Logit Processors & Grammar Constraints

vLLM supports structured generation (JSON, grammar, regex) by masking invalid tokens at each step. The integration uses xgrammar or guidance.

# Structured output via SamplingParams
from vllm.sampling_params import GuidedDecodingParams

params = SamplingParams(
    guided_decoding=GuidedDecodingParams(
        json={"type": "object", "properties": {"name": {"type": "string"}}}
    )
)
# At each step, invalid tokens get logit = -inf
# Only tokens that could legally appear next in valid JSON are kept

The StructuredOutputManager in the engine core maintains a finite-state machine per request. Before sampling, it generates a logit bias mask marking which tokens are valid at the current grammar state. This mask is applied to logits before temperature scaling.

Speculative Decoding

Rejection Sampler

Source: vllm/v1/sample/rejection_sampler.py

Speculative decoding uses a small draft model to propose several tokens ahead, then verifies them with the large target model in one pass. This can achieve near-target-model quality at draft-model speed.

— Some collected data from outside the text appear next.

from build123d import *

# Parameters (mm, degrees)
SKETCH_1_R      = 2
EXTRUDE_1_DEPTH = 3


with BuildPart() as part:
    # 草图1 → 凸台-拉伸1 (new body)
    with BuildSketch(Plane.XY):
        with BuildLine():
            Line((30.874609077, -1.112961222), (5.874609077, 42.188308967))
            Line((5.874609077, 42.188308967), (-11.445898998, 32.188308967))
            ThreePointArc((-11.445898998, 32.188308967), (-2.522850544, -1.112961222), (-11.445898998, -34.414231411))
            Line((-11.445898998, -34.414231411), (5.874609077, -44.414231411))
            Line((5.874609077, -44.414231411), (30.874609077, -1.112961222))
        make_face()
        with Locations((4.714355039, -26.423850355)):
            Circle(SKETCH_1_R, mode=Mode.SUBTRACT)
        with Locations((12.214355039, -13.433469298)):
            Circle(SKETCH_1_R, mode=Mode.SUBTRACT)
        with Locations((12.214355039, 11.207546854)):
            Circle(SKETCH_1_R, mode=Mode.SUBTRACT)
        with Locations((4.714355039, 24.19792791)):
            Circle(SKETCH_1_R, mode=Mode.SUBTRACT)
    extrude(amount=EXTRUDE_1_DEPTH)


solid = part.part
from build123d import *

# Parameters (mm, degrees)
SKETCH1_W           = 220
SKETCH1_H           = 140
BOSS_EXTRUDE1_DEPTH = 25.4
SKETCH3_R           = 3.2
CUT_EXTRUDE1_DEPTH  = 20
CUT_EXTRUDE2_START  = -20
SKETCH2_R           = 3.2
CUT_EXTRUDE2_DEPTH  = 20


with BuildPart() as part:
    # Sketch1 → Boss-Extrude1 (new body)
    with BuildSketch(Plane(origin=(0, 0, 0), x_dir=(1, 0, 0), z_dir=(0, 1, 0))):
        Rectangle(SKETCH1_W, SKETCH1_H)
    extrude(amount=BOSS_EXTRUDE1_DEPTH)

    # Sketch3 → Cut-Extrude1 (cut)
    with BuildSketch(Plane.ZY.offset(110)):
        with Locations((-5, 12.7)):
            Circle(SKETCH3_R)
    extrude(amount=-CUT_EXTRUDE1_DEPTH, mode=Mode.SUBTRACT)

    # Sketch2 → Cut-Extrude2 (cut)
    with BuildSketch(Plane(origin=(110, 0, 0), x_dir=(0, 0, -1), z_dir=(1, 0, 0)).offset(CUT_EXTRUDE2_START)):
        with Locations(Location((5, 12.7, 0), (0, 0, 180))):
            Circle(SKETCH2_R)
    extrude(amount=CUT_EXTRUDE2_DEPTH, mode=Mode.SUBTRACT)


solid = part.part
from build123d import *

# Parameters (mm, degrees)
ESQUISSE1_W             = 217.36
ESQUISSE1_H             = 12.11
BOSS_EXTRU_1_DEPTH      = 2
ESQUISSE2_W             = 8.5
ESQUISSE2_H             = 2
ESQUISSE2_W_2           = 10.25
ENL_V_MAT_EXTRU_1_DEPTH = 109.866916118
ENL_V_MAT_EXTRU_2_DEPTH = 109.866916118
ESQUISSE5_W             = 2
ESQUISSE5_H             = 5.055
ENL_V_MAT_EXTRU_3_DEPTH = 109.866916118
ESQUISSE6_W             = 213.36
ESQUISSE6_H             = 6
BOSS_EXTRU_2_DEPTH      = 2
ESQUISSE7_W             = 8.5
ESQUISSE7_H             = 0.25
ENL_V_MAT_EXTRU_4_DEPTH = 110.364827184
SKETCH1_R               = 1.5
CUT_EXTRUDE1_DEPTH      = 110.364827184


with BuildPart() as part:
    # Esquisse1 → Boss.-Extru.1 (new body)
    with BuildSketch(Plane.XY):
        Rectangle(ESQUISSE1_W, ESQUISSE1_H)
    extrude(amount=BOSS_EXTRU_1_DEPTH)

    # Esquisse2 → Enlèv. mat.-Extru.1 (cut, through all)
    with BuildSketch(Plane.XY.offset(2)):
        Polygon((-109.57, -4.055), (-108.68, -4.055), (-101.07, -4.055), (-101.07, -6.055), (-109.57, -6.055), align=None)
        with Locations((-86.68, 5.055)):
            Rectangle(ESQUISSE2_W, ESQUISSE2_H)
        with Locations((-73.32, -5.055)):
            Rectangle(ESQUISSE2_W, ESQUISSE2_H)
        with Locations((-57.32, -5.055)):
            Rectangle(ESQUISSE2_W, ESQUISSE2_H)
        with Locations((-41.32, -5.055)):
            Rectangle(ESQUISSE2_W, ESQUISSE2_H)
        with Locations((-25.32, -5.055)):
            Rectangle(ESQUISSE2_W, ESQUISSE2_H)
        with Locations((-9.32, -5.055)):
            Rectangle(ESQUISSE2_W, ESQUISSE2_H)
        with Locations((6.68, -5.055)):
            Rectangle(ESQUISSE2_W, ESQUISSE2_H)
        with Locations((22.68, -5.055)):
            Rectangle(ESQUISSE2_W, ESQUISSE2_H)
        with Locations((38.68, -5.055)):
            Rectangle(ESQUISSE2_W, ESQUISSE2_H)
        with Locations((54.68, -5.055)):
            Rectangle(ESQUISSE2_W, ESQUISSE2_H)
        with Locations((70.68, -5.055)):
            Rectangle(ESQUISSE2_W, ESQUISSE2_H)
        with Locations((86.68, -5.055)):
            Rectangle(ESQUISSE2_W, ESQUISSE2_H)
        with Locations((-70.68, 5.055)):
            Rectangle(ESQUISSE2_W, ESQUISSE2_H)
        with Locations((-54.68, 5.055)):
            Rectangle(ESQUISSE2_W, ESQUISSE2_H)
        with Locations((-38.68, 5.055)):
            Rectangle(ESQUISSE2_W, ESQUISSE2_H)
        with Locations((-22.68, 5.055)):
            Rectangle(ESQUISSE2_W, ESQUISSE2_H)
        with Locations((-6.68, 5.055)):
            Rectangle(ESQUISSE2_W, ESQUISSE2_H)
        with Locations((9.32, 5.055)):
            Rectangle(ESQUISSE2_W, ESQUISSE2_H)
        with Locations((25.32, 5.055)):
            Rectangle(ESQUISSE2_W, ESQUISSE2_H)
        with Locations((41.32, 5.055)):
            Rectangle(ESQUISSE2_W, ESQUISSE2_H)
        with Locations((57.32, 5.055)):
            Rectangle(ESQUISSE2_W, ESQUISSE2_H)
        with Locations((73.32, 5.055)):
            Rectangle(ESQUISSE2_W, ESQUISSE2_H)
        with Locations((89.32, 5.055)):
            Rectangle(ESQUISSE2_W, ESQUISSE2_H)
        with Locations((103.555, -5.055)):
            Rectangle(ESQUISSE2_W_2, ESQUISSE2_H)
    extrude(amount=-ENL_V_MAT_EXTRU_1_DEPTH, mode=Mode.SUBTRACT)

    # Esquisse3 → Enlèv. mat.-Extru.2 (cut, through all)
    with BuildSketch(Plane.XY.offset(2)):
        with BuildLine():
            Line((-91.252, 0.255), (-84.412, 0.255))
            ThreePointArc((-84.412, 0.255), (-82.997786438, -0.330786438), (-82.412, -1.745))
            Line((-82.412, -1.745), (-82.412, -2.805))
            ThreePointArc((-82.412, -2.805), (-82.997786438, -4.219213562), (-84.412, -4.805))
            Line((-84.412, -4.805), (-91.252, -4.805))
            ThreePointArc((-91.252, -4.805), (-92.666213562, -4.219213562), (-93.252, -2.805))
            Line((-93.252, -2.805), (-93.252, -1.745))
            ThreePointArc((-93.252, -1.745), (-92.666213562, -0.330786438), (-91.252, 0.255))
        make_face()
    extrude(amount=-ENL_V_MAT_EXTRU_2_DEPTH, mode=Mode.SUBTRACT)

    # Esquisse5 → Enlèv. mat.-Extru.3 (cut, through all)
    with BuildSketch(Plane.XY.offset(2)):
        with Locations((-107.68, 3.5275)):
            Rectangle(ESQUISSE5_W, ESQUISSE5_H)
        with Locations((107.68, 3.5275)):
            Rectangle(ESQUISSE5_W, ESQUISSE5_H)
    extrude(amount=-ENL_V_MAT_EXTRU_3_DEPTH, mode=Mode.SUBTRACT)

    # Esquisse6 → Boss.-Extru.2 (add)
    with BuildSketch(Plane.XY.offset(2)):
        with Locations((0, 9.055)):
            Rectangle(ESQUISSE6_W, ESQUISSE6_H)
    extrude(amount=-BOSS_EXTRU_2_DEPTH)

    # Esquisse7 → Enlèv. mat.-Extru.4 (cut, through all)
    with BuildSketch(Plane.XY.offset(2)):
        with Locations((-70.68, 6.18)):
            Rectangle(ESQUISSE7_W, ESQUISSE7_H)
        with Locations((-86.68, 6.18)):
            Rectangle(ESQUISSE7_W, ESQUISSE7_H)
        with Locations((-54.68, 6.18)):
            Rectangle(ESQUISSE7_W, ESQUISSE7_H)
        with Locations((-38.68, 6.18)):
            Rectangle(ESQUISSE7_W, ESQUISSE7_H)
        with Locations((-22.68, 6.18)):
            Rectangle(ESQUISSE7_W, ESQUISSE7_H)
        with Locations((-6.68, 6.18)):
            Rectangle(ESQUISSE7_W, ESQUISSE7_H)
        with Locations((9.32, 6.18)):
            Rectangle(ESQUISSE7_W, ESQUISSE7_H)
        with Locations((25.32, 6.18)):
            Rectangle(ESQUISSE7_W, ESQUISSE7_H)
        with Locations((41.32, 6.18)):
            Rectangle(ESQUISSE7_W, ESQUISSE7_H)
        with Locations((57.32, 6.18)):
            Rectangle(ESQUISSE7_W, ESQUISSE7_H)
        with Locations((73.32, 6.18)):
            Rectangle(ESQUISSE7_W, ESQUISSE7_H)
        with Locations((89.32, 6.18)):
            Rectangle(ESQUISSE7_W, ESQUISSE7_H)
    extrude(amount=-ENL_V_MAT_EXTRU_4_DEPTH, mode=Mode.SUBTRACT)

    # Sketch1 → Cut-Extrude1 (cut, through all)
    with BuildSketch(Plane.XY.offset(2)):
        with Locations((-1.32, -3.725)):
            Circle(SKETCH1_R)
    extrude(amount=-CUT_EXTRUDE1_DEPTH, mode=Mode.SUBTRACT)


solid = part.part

# Speculative decoding flow:
# 1. Draft model proposes K tokens [t1, t2, t3, t4, t5]
#    with draft probabilities [q1, q2, q3, q4, q5]
#
# 2. Target model computes probabilities for all K+1 positions
#    [p1, p2, p3, p4, p5, p6] in one forward pass
#
# 3. Rejection sampler accepts/rejects each draft token:
for i in range(K):
    accept_prob = min(1.0, target_probs[i] / draft_probs[i])
    if random() < accept_prob:
        accept token t_i
    else:
        # Reject: sample from corrected distribution
        corrected = max(0, target_probs[i] - draft_probs[i])
        sample from corrected / sum(corrected)
        break  # stop at first rejection

When the draft model and target model agree (draft_prob ≈ target_prob), acceptance rate is high and throughput approaches K × target model decode speed. vLLM supports n-gram, EAGLE, and DFlash draft models.

Stop Conditions

When to Stop Generating

After each sampled token, the scheduler checks stop conditions:

Condition	FinishReason	Trigger
EOS token sampled	`STOP`	Sampled token ∈ `stop_token_ids` (or EOS by default)
Stop string match	`STOP`	Detokenized output contains a string from `stop`
Max tokens reached	`LENGTH`	`len(output_token_ids) >= max_tokens`
Max model len	`LENGTH`	Prompt + output ≥ `max_model_len`
Client abort	`ABORT`	HTTP disconnect / `abort_request()` called

Stop-string detection happens in the output processor (CPU-side), not in the sampler (GPU-side). The token sequence is detokenized and checked against stop strings after each iteration.